Agaat - Marlene van Niekerk [218]
He grabbed your wrists. Keep your nose out of my affairs, to look at you, you’re actually the one who could do with a bit of plastic surgery. Reconstruction for Kamilla!
He pushed his fingers into the corners of your mouth. You tried to resist, to take his fingers out of your mouth.
Just look at you, this misery who calls herself Mrs de Wet. Permanently down in the mouth!
Agaat came upon you. Jak threw your hands from him and wiped his thumb and forefinger, which he’d had in your mouth, on his pants.
What do you want here? he asked.
Agaat’s voice was hard, her businesslike housekeeping voice with which she often broke up your quarrels.
I beg your pardon, Mr de Wet, she said, I just wanted to return the ash pan to the fireplace.
You kept your hands in front of your face, ashamed of her coming upon you like that.

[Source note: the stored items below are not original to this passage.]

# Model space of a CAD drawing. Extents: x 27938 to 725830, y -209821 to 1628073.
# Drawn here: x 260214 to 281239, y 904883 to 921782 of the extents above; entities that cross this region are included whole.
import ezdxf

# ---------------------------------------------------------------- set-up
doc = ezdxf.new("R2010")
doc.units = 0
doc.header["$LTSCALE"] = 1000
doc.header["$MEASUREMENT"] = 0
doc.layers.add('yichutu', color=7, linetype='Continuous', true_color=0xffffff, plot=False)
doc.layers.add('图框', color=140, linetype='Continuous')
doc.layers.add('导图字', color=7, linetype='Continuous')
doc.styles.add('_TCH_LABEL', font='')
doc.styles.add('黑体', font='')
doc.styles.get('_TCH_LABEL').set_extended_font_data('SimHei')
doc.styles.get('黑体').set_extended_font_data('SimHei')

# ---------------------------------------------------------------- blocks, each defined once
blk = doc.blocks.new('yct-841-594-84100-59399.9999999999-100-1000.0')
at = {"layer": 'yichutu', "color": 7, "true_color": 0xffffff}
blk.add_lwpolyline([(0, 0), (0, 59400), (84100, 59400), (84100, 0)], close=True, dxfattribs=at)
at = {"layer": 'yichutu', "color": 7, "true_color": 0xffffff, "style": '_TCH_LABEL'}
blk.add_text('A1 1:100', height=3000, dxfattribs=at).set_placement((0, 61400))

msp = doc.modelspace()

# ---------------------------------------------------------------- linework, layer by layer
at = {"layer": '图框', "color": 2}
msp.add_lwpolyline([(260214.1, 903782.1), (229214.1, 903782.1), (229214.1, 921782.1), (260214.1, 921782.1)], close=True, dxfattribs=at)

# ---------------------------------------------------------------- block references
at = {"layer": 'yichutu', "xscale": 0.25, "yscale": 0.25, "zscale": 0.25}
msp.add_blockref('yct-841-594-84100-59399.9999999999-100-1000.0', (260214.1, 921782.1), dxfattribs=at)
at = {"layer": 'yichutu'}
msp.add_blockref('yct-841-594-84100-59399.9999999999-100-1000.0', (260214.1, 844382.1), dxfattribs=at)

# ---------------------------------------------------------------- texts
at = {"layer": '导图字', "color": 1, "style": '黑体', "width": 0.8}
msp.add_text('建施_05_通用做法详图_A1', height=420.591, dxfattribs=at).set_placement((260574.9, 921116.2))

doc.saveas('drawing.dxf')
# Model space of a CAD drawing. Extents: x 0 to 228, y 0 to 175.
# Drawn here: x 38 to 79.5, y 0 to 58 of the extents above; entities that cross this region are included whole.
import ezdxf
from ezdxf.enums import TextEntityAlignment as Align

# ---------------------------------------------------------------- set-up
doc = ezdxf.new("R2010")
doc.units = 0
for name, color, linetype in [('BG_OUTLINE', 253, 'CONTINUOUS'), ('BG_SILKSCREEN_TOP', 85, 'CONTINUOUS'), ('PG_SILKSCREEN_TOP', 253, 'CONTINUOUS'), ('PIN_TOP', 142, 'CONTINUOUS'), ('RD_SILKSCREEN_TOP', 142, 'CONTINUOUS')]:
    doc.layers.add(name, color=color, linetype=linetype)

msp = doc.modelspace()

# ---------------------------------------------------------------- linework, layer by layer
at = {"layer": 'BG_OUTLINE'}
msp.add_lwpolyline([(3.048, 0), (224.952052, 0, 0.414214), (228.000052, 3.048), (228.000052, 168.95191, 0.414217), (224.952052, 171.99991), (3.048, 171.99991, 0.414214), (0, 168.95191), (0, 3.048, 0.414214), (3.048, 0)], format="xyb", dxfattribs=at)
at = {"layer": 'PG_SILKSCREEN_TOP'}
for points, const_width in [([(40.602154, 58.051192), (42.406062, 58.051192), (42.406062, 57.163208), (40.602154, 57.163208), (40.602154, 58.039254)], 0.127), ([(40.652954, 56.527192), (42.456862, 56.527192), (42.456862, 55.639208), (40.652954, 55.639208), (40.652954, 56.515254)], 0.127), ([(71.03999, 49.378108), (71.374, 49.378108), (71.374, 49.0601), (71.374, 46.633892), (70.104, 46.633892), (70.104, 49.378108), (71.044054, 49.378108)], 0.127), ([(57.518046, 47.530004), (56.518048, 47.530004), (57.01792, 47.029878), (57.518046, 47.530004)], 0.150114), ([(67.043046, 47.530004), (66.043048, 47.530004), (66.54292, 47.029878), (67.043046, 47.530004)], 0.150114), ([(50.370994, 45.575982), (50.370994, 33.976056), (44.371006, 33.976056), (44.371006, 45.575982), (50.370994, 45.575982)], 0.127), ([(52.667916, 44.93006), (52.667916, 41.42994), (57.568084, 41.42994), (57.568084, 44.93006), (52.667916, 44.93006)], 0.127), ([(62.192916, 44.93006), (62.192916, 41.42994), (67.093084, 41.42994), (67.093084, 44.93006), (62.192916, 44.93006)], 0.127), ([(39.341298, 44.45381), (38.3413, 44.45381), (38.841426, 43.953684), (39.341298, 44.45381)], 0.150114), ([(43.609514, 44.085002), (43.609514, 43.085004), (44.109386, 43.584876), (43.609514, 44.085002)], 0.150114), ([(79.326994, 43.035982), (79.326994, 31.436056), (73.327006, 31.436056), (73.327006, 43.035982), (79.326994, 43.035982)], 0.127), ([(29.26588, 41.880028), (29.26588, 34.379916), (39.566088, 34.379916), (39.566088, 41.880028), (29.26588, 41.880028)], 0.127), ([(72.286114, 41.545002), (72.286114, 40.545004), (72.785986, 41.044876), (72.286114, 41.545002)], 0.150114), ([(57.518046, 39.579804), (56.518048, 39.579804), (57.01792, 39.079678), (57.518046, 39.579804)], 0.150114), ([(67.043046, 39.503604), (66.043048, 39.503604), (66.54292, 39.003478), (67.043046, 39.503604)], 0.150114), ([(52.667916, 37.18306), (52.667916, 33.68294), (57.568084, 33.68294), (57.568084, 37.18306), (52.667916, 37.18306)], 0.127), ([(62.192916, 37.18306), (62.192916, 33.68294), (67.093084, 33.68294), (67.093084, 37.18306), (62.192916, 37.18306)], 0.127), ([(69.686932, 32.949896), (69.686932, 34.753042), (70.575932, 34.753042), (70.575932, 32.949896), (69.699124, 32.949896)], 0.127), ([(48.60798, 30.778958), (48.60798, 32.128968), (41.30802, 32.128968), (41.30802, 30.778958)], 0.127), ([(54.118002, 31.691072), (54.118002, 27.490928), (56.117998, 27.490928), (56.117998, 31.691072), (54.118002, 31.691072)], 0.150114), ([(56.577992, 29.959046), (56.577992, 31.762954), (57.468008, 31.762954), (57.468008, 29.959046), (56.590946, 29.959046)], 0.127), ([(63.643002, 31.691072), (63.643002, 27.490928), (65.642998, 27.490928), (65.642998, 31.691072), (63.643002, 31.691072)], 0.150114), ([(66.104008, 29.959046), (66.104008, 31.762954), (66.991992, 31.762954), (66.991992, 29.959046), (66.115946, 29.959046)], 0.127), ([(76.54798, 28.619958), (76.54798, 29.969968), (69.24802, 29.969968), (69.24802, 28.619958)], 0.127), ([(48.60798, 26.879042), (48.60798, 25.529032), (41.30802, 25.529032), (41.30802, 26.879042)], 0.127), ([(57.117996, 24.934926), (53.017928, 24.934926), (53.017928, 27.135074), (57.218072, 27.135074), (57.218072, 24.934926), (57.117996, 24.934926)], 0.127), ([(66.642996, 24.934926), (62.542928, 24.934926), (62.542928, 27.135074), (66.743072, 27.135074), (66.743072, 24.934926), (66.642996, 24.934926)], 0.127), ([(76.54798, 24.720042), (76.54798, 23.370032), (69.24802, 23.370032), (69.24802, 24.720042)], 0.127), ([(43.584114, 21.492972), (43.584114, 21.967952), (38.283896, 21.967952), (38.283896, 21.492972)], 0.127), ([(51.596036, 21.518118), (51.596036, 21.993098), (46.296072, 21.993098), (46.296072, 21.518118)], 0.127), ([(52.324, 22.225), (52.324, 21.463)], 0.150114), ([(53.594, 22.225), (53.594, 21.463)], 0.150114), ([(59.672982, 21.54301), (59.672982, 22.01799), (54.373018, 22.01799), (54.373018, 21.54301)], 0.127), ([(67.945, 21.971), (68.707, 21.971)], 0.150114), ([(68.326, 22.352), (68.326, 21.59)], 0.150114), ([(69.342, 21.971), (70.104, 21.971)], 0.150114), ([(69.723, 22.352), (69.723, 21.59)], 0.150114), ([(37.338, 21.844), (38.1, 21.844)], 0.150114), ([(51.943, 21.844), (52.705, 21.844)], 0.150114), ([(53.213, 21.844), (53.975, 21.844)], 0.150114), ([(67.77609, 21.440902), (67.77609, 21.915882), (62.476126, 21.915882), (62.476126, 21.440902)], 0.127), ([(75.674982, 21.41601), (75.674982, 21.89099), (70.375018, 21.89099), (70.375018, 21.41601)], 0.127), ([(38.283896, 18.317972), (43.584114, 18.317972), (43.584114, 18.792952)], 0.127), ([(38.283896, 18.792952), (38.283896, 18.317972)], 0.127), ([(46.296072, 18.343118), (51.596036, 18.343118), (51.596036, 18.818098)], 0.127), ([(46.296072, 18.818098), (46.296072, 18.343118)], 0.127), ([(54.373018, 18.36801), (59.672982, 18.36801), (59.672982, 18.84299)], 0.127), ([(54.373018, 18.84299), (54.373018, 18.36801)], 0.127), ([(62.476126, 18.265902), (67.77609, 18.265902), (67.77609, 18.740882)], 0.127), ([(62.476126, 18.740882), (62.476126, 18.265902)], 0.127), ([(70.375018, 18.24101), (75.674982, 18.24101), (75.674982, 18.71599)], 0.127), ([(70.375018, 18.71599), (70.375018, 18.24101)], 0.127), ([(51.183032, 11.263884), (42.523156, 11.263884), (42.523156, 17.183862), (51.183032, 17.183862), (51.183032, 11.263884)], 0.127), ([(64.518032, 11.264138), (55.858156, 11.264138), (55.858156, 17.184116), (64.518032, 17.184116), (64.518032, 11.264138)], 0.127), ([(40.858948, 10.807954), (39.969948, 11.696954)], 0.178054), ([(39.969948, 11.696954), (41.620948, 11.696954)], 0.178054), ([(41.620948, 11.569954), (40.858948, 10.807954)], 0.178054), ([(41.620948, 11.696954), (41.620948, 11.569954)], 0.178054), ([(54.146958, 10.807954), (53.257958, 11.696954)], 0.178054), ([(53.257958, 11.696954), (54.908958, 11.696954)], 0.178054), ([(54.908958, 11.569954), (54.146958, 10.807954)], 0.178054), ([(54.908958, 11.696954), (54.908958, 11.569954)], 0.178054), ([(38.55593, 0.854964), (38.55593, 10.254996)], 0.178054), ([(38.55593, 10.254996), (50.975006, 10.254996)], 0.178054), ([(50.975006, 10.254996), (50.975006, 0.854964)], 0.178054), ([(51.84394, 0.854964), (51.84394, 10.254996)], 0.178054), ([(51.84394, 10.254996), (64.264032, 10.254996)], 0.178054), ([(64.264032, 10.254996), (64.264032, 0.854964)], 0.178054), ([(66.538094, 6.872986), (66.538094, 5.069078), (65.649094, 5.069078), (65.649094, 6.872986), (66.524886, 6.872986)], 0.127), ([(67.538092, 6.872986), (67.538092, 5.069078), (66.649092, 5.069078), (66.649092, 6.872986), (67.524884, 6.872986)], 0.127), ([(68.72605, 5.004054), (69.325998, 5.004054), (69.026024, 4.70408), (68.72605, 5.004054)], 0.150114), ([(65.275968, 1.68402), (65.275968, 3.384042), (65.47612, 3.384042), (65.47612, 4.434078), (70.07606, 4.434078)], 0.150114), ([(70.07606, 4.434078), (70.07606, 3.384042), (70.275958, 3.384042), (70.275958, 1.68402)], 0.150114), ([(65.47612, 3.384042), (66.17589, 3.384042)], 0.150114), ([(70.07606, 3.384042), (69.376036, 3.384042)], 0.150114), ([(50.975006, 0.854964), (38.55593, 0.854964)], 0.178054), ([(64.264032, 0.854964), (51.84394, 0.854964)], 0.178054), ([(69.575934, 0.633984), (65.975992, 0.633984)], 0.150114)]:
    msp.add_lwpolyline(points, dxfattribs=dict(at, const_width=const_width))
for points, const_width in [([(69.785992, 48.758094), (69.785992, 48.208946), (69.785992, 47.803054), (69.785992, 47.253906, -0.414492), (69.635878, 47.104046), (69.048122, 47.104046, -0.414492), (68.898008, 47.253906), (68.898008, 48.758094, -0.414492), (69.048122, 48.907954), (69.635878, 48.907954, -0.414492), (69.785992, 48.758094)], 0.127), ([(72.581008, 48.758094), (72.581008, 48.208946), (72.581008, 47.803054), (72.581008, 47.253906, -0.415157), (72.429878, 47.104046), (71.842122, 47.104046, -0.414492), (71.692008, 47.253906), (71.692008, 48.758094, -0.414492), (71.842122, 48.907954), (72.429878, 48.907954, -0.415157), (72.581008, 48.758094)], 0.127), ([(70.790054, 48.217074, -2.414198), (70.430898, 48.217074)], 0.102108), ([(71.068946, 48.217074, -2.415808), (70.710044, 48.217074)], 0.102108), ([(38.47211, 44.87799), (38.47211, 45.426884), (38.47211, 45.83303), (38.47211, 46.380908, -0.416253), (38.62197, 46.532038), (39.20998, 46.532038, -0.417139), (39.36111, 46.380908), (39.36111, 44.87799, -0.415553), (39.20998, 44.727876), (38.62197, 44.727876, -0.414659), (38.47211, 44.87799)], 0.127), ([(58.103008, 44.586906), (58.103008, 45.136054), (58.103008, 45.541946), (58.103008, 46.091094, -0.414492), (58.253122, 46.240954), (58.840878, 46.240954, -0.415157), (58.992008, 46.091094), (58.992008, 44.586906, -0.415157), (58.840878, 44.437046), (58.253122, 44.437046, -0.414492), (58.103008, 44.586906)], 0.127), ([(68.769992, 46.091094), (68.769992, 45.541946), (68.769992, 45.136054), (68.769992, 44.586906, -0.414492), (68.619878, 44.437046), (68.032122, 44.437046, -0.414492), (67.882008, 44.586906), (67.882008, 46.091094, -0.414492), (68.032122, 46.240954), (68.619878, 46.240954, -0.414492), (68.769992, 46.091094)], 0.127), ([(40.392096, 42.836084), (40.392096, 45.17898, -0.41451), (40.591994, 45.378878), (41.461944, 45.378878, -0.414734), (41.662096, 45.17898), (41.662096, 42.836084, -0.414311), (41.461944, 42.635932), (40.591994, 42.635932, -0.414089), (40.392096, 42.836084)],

Sometimes, Agaat said, and what she said did not accord with her tone, sometimes I wish I could . . .
You looked round. There she stood, the iron poker in her strong hand. It was superficially evident that she was referring to Jak, to something that she wanted to do to him. But her gaze was fixed on you.
Get out of here, you managed to say, it’s none of your business.
It is, she said, and flung the poker into the copper tray, it is most certainly my business.
Did she say that? Had you heard correctly?
Get out of here, immediately, Jak said.
Without looking at you, she walked out with rapid little steps and her head high. If she didn’t say it, her crooked drawn-up shoulder said it: It’s the only business I have, you and your husband and your child and your buggering around.
You kept wondering about Jak in that time when Jakkie went to the border. From his first breakdown on the night of his great nursery rhyme—how old was Jakkie then? eleven, twelve?—you felt that he was working at and building and adjusting his theory of you, of who you were, and what you had done to him. It hurt more than any shove or slap.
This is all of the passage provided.